*Exercise prompt*. Each line of the data below from the one holding "(part 43 of 65)" to the one holding "Saturation : Saturate", inclusive, is to be reproduced exactly; no other line belongs in the answer.

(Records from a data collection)
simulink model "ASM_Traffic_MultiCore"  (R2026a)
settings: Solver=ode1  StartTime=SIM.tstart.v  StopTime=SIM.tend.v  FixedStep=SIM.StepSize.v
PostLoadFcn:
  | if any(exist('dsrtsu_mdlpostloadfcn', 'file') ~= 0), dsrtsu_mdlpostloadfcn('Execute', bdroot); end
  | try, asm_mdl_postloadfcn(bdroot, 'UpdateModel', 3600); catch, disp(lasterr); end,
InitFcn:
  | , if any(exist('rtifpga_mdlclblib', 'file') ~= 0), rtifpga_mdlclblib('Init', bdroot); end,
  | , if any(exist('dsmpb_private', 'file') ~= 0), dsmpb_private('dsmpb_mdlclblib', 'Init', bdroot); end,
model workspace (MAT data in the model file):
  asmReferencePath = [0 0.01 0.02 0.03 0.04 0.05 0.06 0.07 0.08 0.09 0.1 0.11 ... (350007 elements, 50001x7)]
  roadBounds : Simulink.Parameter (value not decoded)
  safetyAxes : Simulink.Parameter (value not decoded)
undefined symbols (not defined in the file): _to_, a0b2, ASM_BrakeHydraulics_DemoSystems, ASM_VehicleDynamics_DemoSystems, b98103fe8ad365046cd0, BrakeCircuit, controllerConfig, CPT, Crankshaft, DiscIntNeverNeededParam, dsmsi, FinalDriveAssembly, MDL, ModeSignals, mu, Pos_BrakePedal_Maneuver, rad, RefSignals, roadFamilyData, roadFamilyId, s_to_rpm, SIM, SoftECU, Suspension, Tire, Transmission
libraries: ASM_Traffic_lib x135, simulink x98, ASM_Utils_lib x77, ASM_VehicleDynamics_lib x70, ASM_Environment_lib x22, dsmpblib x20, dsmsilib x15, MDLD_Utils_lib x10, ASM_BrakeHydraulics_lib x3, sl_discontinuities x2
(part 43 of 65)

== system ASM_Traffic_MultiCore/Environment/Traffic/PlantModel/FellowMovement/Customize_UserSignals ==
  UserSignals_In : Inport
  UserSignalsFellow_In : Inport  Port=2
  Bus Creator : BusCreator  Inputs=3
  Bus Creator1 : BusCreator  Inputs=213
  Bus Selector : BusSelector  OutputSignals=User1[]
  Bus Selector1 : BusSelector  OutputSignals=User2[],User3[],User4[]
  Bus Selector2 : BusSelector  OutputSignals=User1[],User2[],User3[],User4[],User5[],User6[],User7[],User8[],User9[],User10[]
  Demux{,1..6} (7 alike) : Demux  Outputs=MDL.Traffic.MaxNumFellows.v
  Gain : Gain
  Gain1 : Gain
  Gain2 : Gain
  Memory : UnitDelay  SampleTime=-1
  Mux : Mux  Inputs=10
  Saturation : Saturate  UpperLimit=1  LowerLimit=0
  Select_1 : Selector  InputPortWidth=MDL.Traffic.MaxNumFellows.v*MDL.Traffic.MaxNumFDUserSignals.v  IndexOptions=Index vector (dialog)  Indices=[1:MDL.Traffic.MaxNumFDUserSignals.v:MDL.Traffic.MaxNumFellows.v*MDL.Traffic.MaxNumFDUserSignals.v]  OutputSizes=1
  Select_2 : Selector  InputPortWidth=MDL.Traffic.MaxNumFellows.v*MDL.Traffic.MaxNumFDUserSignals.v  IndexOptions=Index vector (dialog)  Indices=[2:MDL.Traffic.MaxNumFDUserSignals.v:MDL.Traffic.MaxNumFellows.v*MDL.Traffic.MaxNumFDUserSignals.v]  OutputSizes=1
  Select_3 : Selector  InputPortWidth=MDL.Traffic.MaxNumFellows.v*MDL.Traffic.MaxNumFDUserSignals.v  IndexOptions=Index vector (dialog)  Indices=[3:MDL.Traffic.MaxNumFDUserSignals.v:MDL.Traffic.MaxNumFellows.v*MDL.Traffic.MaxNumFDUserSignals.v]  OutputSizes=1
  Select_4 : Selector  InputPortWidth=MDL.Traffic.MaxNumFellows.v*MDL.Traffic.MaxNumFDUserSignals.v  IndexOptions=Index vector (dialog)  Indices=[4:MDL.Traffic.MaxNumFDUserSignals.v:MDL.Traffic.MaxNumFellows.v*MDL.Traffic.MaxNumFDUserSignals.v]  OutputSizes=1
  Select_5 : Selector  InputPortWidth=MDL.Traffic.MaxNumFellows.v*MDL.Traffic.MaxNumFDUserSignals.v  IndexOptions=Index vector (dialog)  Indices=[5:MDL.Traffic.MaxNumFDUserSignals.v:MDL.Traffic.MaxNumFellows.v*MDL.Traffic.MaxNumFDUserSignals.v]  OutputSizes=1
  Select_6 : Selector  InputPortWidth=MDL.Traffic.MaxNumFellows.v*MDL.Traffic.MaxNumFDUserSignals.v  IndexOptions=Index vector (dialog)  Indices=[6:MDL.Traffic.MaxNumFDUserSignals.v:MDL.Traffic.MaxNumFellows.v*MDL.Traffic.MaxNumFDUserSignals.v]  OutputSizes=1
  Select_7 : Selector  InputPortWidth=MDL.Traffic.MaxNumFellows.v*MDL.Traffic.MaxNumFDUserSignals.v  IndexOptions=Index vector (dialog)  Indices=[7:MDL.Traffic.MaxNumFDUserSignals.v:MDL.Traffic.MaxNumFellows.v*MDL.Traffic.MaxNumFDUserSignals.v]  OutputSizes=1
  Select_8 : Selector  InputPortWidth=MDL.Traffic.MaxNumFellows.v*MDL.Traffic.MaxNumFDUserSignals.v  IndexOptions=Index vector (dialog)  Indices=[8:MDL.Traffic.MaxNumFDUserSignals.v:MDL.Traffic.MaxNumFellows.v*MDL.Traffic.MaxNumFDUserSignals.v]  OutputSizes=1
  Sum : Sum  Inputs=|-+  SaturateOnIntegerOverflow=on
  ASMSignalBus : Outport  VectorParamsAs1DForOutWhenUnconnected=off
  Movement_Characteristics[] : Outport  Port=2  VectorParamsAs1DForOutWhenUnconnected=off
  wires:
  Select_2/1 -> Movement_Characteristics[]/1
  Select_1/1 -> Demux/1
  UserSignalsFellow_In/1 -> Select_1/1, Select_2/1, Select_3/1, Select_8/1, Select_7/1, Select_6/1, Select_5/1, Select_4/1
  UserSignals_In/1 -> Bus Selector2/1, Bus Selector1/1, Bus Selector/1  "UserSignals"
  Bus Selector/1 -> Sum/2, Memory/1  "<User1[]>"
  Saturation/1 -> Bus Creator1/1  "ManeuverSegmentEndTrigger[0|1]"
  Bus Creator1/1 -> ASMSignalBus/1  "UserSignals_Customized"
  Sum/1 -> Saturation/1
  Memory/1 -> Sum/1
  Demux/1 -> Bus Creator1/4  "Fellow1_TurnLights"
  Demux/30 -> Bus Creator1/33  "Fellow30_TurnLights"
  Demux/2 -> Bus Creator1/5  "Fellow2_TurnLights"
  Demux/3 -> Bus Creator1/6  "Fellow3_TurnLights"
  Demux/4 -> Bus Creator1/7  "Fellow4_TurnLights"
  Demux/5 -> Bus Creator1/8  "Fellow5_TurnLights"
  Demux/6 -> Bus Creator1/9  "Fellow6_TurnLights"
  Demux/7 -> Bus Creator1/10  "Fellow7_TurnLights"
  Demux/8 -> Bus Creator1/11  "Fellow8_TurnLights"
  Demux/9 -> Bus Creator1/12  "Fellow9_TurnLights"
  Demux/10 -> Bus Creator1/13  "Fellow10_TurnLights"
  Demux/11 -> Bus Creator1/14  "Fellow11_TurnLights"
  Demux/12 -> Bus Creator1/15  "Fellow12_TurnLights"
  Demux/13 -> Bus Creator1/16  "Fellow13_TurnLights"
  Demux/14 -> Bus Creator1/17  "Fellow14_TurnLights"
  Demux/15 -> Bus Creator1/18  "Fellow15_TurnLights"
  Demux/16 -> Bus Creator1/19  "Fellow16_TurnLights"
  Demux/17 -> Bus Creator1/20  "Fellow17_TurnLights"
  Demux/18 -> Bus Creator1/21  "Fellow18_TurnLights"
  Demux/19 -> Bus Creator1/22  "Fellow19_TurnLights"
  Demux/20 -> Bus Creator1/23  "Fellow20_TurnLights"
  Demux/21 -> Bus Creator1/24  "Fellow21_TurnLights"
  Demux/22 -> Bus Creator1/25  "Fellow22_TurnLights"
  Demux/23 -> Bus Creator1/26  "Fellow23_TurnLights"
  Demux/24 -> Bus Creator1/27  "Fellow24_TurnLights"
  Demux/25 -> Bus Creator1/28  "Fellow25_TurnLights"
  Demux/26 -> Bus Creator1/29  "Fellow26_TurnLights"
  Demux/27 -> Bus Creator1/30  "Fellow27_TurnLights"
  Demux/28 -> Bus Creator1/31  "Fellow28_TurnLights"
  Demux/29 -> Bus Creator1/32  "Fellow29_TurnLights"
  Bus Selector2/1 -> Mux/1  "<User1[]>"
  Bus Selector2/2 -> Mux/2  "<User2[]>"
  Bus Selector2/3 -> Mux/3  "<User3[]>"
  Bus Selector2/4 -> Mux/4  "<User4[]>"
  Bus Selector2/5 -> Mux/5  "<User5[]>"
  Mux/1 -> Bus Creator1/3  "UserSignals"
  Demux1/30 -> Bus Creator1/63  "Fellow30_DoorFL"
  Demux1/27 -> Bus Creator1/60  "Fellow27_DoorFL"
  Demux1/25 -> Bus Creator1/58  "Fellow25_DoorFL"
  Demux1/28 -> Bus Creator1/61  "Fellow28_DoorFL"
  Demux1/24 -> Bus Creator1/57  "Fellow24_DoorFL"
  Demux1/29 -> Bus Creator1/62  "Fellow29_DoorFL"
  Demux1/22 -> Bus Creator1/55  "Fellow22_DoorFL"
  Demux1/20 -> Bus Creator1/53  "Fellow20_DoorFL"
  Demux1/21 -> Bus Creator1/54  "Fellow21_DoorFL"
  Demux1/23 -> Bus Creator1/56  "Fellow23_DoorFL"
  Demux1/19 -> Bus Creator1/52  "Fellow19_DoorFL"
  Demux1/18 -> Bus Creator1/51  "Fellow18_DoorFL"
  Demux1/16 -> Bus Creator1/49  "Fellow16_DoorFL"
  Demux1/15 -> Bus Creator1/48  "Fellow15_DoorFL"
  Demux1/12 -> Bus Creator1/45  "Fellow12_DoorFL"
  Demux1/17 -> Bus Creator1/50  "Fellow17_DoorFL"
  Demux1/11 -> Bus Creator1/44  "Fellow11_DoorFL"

*Response area*.
(part 43 of 65)

== system ASM_Traffic_MultiCore/Environment/Traffic/PlantModel/FellowMovement/Customize_UserSignals ==
  UserSignals_In : Inport
  UserSignalsFellow_In : Inport  Port=2
  Bus Creator : BusCreator  Inputs=3
  Bus Creator1 : BusCreator  Inputs=213
  Bus Selector : BusSelector  OutputSignals=User1[]
  Bus Selector1 : BusSelector  OutputSignals=User2[],User3[],User4[]
  Bus Selector2 : BusSelector  OutputSignals=User1[],User2[],User3[],User4[],User5[],User6[],User7[],User8[],User9[],User10[]
  Demux{,1..6} (7 alike) : Demux  Outputs=MDL.Traffic.MaxNumFellows.v
  Gain : Gain
  Gain1 : Gain
  Gain2 : Gain
  Memory : UnitDelay  SampleTime=-1
  Mux : Mux  Inputs=10
  Saturation : Saturate  UpperLimit=1  LowerLimit=0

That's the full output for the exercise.